论文标题
丹麦参与搜索引擎TREC COVID-19挑战:有关搜索Covid-19的精确生物医学科学信息的经验教训
Denmark's Participation in the Search Engine TREC COVID-19 Challenge: Lessons Learned about Searching for Precise Biomedical Scientific Information on COVID-19
论文作者
论文摘要
该报告描述了由美国国家标准与技术研究院(NIST)及其文本检索会议(TREC)部门组织的两所丹麦大学哥本哈根大学和奥尔堡大学的参与。竞争的目的是找到最佳的搜索引擎策略,用于从最大的时间点,从最大的时间点检索有关Covid-19的精确生物医学科学信息,即关于COVID-19-COVID-19-COVID-19-COVID-19-OPEN REACH研究数据集(Cord-19)。 Cord-19是2020年3月美国白宫对技术社区的呼吁的结果,此后不久,在Kaggle上宣布了Allen Ai Institute for Allen Institute for Allen Institute,Chan Zuckerberg倡议,乔治敦大学安全和新兴技术中心,Microsoft技术,Microsoft和National Inster Insterutiutiutiutiutiutitues of Nedry Insituits Insitus。 Cord-19包含超过200,000篇有关Covid-19,Sars-Cov-2和相关冠状病毒的学术文章(其中有100,000多个具有全文),这些文章是从精选的生物医学来源收集的。 TREC-COVID挑战要求(a)以(a)对生物医学专家提出的一些查询来检索准确和精确的科学信息的最佳方法,并且(b)通过与查询的相关性对此信息进行排名。 在本文档中,我们描述了TREC-COVID竞争的设置,我们参与其中以及我们所产生的思考和经验教训,当时面对急性化的文学科学信息,从而响应高度专业化的疑问,即在中等程度上。
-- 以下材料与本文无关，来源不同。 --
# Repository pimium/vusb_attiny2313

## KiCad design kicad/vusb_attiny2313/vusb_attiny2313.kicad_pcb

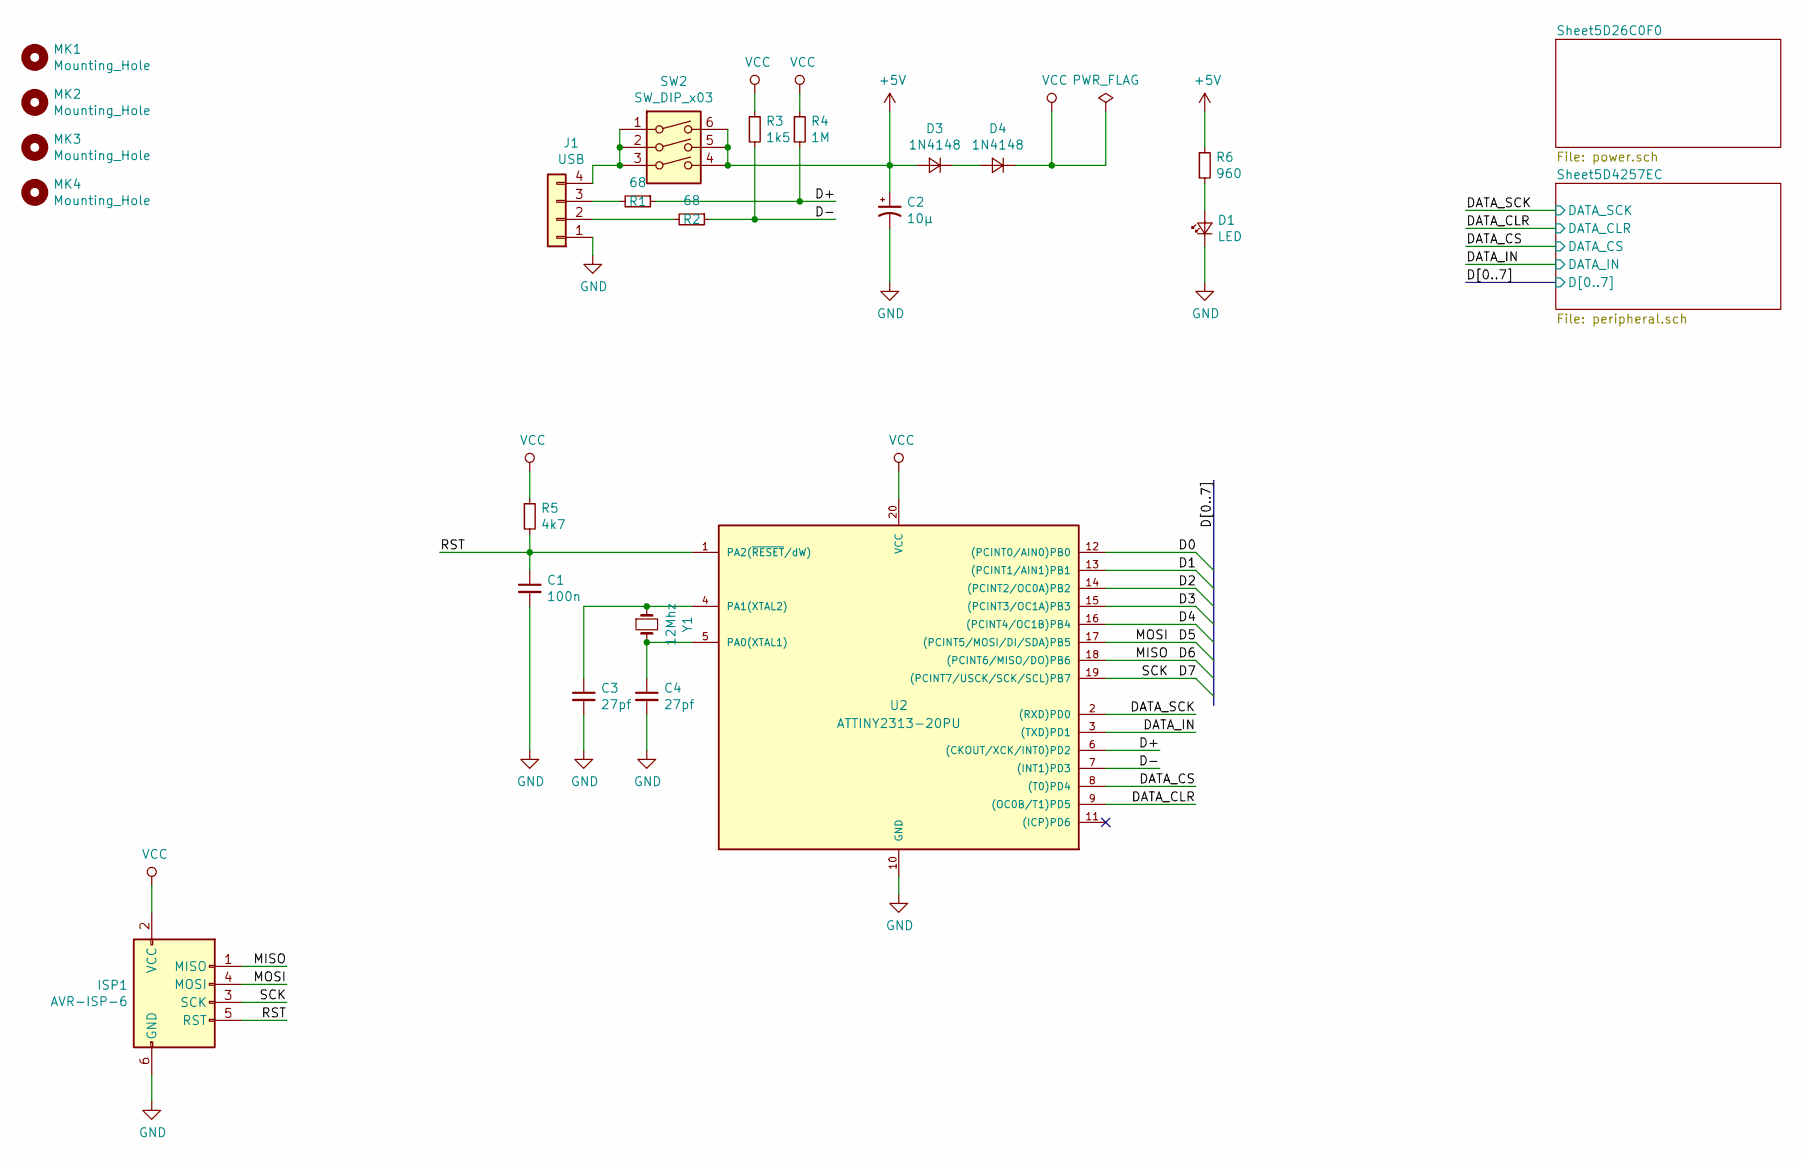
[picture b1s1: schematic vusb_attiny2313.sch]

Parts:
C1: 100n; C_0805_2012Metric_Pad1.15x1.40mm_HandSolder
C2: 10µ; CP_Radial_D5.0mm_P2.50mm
C3, C4: 27pf; C_0805_2012Metric_Pad1.15x1.40mm_HandSolder
D1: LED; LED_1206_3216Metric_Pad1.42x1.75mm_HandSolder
D3, D4: 1N4148; D_MiniMELF_Handsoldering
ISP1: AVR-ISP-6; PinHeader_2x03_P2.54mm_Vertical
J1: USB; PinHeader_1x04_P2.54mm_Vertical
MK1, MK2, MK3, MK4: Mounting_Hole; MountingHole_3.2mm_M3
R1, R2: 68; R_0805_2012Metric_Pad1.15x1.40mm_HandSolder
R3: 1k5; R_0805_2012Metric_Pad1.15x1.40mm_HandSolder
R4: 1M; R_0805_2012Metric_Pad1.15x1.40mm_HandSolder
R5: 4k7; R_0805_2012Metric_Pad1.15x1.40mm_HandSolder
R6: 960; R_0805_2012Metric_Pad1.15x1.40mm_HandSolder
SW2: SW_DIP_x03; DPDT_WIDE_54_54
U2: ATTINY2313-20PU; DIP-20_W7.62mm_LongPads
Y1: 12Mhz; Crystal_HC49-U_Vertical

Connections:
+5V: C2.1, D3.2 (A), R6.1, SW2.4, SW2.5, SW2.6; also elsewhere on the board
/D0: U2.12 ((PCINT0/AIN0)PB0); also elsewhere on the board
/D1: U2.13 ((PCINT1/AIN1)PB1); also elsewhere on the board
/D2: U2.14 ((PCINT2/OC0A)PB2); also elsewhere on the board
/D3: U2.15 ((PCINT3/OC1A)PB3); also elsewhere on the board
/D4: U2.16 ((PCINT4/OC1B)PB4); also elsewhere on the board
/D5: ISP1.4 (MOSI), U2.17 ((PCINT5/MOSI/DI/SDA)PB5); also elsewhere on the board
/D6: ISP1.1 (MISO), U2.18 ((PCINT6/MISO/DO)PB6); also elsewhere on the board
/D7: ISP1.3 (SCK), U2.19 ((PCINT7/USCK/SCK/SCL)PB7); also elsewhere on the board
/D+: R1.1, R4.2, U2.6 ((CKOUT/XCK/INT0)PD2)
/D-: R2.1, R3.2, U2.7 ((INT1)PD3)
/DATA_CLR: U2.9 ((OC0B/T1)PD5); also elsewhere on the board
/DATA_CS: U2.8 ((T0)PD4); also elsewhere on the board
/DATA_IN: U2.3 ((TXD)PD1); also elsewhere on the board
/DATA_SCK: U2.2 ((RXD)PD0); also elsewhere on the board
/RST: C1.1, ISP1.5 (RST), R5.2, U2.1 (PA2(~RESET~/dW))
GND: C1.2, C2.2, C3.2, C4.2, D1.1 (K), ISP1.6 (GND), J1.1, U2.10 (GND); also elsewhere on the board
unnamed: C3.1, U2.4 (PA1(XTAL2)), Y1.1
unnamed: C4.1, U2.5 (PA0(XTAL1)), Y1.2
unnamed: D1.2 (A), R6.2
unnamed: D3.1 (K), D4.2 (A)
unnamed: J1.2, R2.2
unnamed: J1.3, R1.2
unnamed: J1.4, SW2.1, SW2.2, SW2.3
VCC: D4.1 (K), ISP1.2 (VCC), R3.1, R4.1, R5.1, U2.20 (VCC); also elsewhere on the board

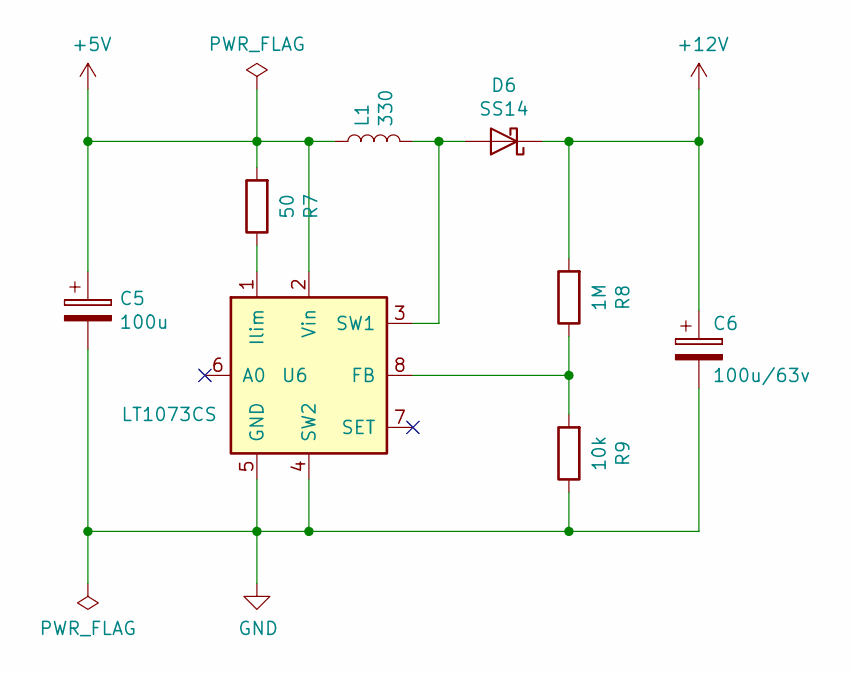
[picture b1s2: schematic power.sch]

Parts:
C5: 100u; CP_EIA-7343-15_Kemet-W_Pad2.25x2.55mm_HandSolder
C6: 100u/63v; CP_Radial_D8.0mm_P5.00mm
D6: SS14; D_SMA_Handsoldering
L1: 330; Choke_CD75
R7: 50; R_0805_2012Metric_Pad1.15x1.40mm_HandSolder
R8: 1M; R_0805_2012Metric_Pad1.15x1.40mm_HandSolder
R9: 10k; R_0805_2012Metric_Pad1.15x1.40mm_HandSolder
U6: LT1073CS; SOIC-8_3.9x4.9mm_P1.27mm

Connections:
+5V: C5.1, L1.1, R7.2, U6.2 (Vin); also elsewhere on the board
+12V: C6.1, D6.1 (K), R8.2; also elsewhere on the board
GND: C5.2, C6.2, R9.1, U6.4 (SW2), U6.5 (GND); also elsewhere on the board
unnamed: D6.2 (A), L1.2, U6.3 (SW1)
unnamed: R7.1, U6.1 (Ilim)
unnamed: R8.1, R9.2, U6.8 (FB)

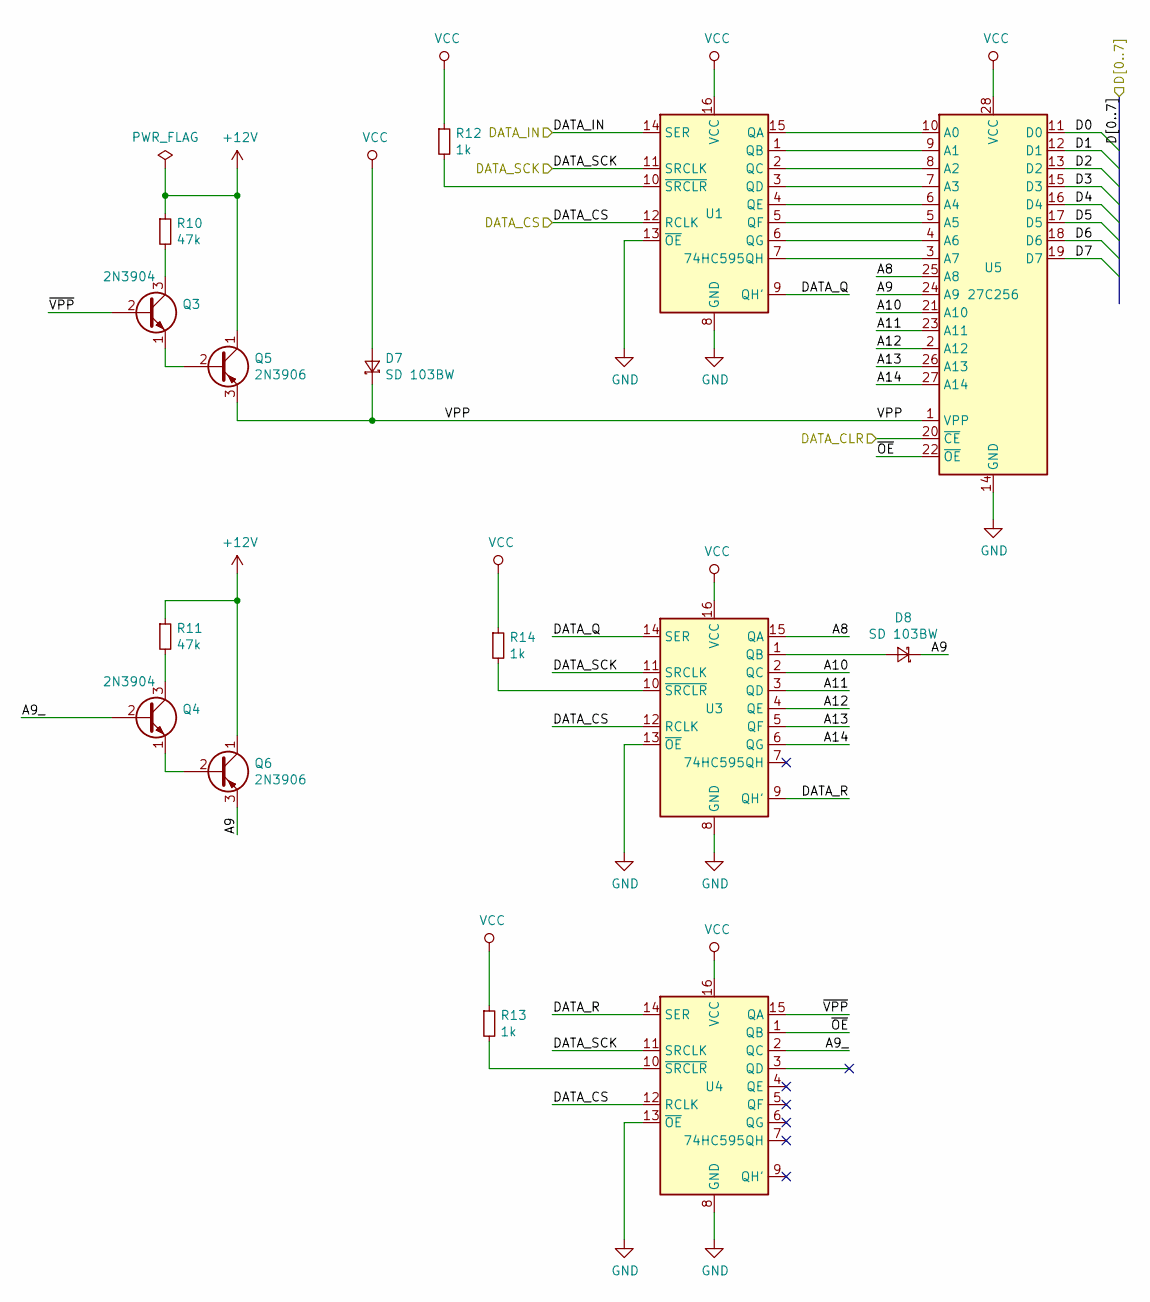
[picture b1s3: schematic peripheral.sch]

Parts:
D7, D8: SD 103BW; D_SOD-123
Q3, Q4: 2N3904; TO-92_Inline_Wide
Q5, Q6: 2N3906; TO-92_Inline_Wide
R10, R11: 47k; R_0805_2012Metric_Pad1.15x1.40mm_HandSolder
R12, R13, R14: 1k; R_0805_2012Metric_Pad1.15x1.40mm_HandSolder
U1, U3, U4: 74HC595; DIP-16_W7.62mm_Socket_LongPads
U5: 27C256; DIP_Socket-28pin_in_32_W11.9_W12.7_W15.24_W17.78_W18.5_3M_2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

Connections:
+12V: Q5.1 (C), Q6.1 (C), R10.1, R11.1; also elsewhere on the board
/D0: U5.11 (D0); also elsewhere on the board
/D1: U5.12 (D1); also elsewhere on the board
/D2: U5.13 (D2); also elsewhere on the board
/D3: U5.15 (D3); also elsewhere on the board
/D4: U5.16 (D4); also elsewhere on the board
/D5: U5.17 (D5); also elsewhere on the board
/D6: U5.18 (D6); also elsewhere on the board
/D7: U5.19 (D7); also elsewhere on the board
/DATA_CLR: U5.20 (~CE); also elsewhere on the board
/DATA_CS: U1.12 (RCLK), U3.12 (RCLK), U4.12 (RCLK); also elsewhere on the board
/DATA_IN: U1.14 (SER); also elsewhere on the board
/DATA_SCK: U1.11 (SRCLK), U3.11 (SRCLK), U4.11 (SRCLK); also elsewhere on the board
/Sheet5D4257EC/A8: U3.15 (QA), U5.25 (A8)
/Sheet5D4257EC/A9: D8.1 (K), Q6.3 (E), U5.24 (A9)
/Sheet5D4257EC/A9_: Q4.2 (B), U4.2 (QC)
/Sheet5D4257EC/A10: U3.2 (QC), U5.21 (A10)
/Sheet5D4257EC/A11: U3.3 (QD), U5.23 (A11)
/Sheet5D4257EC/A12: U3.4 (QE), U5.2 (A12)
/Sheet5D4257EC/A13: U3.5 (QF), U5.26 (A13)
/Sheet5D4257EC/A14: U3.6 (QG), U5.27 (A14)
/Sheet5D4257EC/DATA_Q: U1.9 (QH'), U3.14 (SER)
/Sheet5D4257EC/DATA_R: U3.9 (QH'), U4.14 (SER)
/Sheet5D4257EC/VPP: D7.1 (K), Q5.3 (E), U5.1 (VPP)
/Sheet5D4257EC/~OE: U4.1 (QB), U5.22 (~OE)
/Sheet5D4257EC/~VPP: Q3.2 (B), U4.15 (QA)
GND: U1.8 (GND), U1.13 (~OE), U3.8 (GND), U3.13 (~OE), U4.8 (GND), U4.13 (~OE), U5.14 (GND); also elsewhere on the board
unnamed: D8.2 (A), U3.1 (QB)
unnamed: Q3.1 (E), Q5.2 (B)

This report describes the participation of two Danish universities, University of Copenhagen and Aalborg University, in the international search engine competition on COVID-19 (the 2020 TREC-COVID Challenge) organised by the U.S. National Institute of Standards and Technology (NIST) and its Text Retrieval Conference (TREC) division. The aim of the competition was to find the best search engine strategy for retrieving precise biomedical scientific information on COVID-19 from the largest, at that point in time, dataset of curated scientific literature on COVID-19 -- the COVID-19 Open Research Dataset (CORD-19). CORD-19 was the result of a call to action to the tech community by the U.S. White House in March 2020, and was shortly thereafter posted on Kaggle as an AI competition by the Allen Institute for AI, the Chan Zuckerberg Initiative, Georgetown University's Center for Security and Emerging Technology, Microsoft, and the National Library of Medicine at the US National Institutes of Health. CORD-19 contained over 200,000 scholarly articles (of which more than 100,000 were with full text) about COVID-19, SARS-CoV-2, and related coronaviruses, gathered from curated biomedical sources. The TREC-COVID challenge asked for the best way to (a) retrieve accurate and precise scientific information, in response to some queries formulated by biomedical experts, and (b) rank this information decreasingly by its relevance to the query. In this document, we describe the TREC-COVID competition setup, our participation to it, and our resulting reflections and lessons learned about the state-of-art technology when faced with the acute task of retrieving precise scientific information from a rapidly growing corpus of literature, in response to highly specialised queries, in the middle of a pandemic.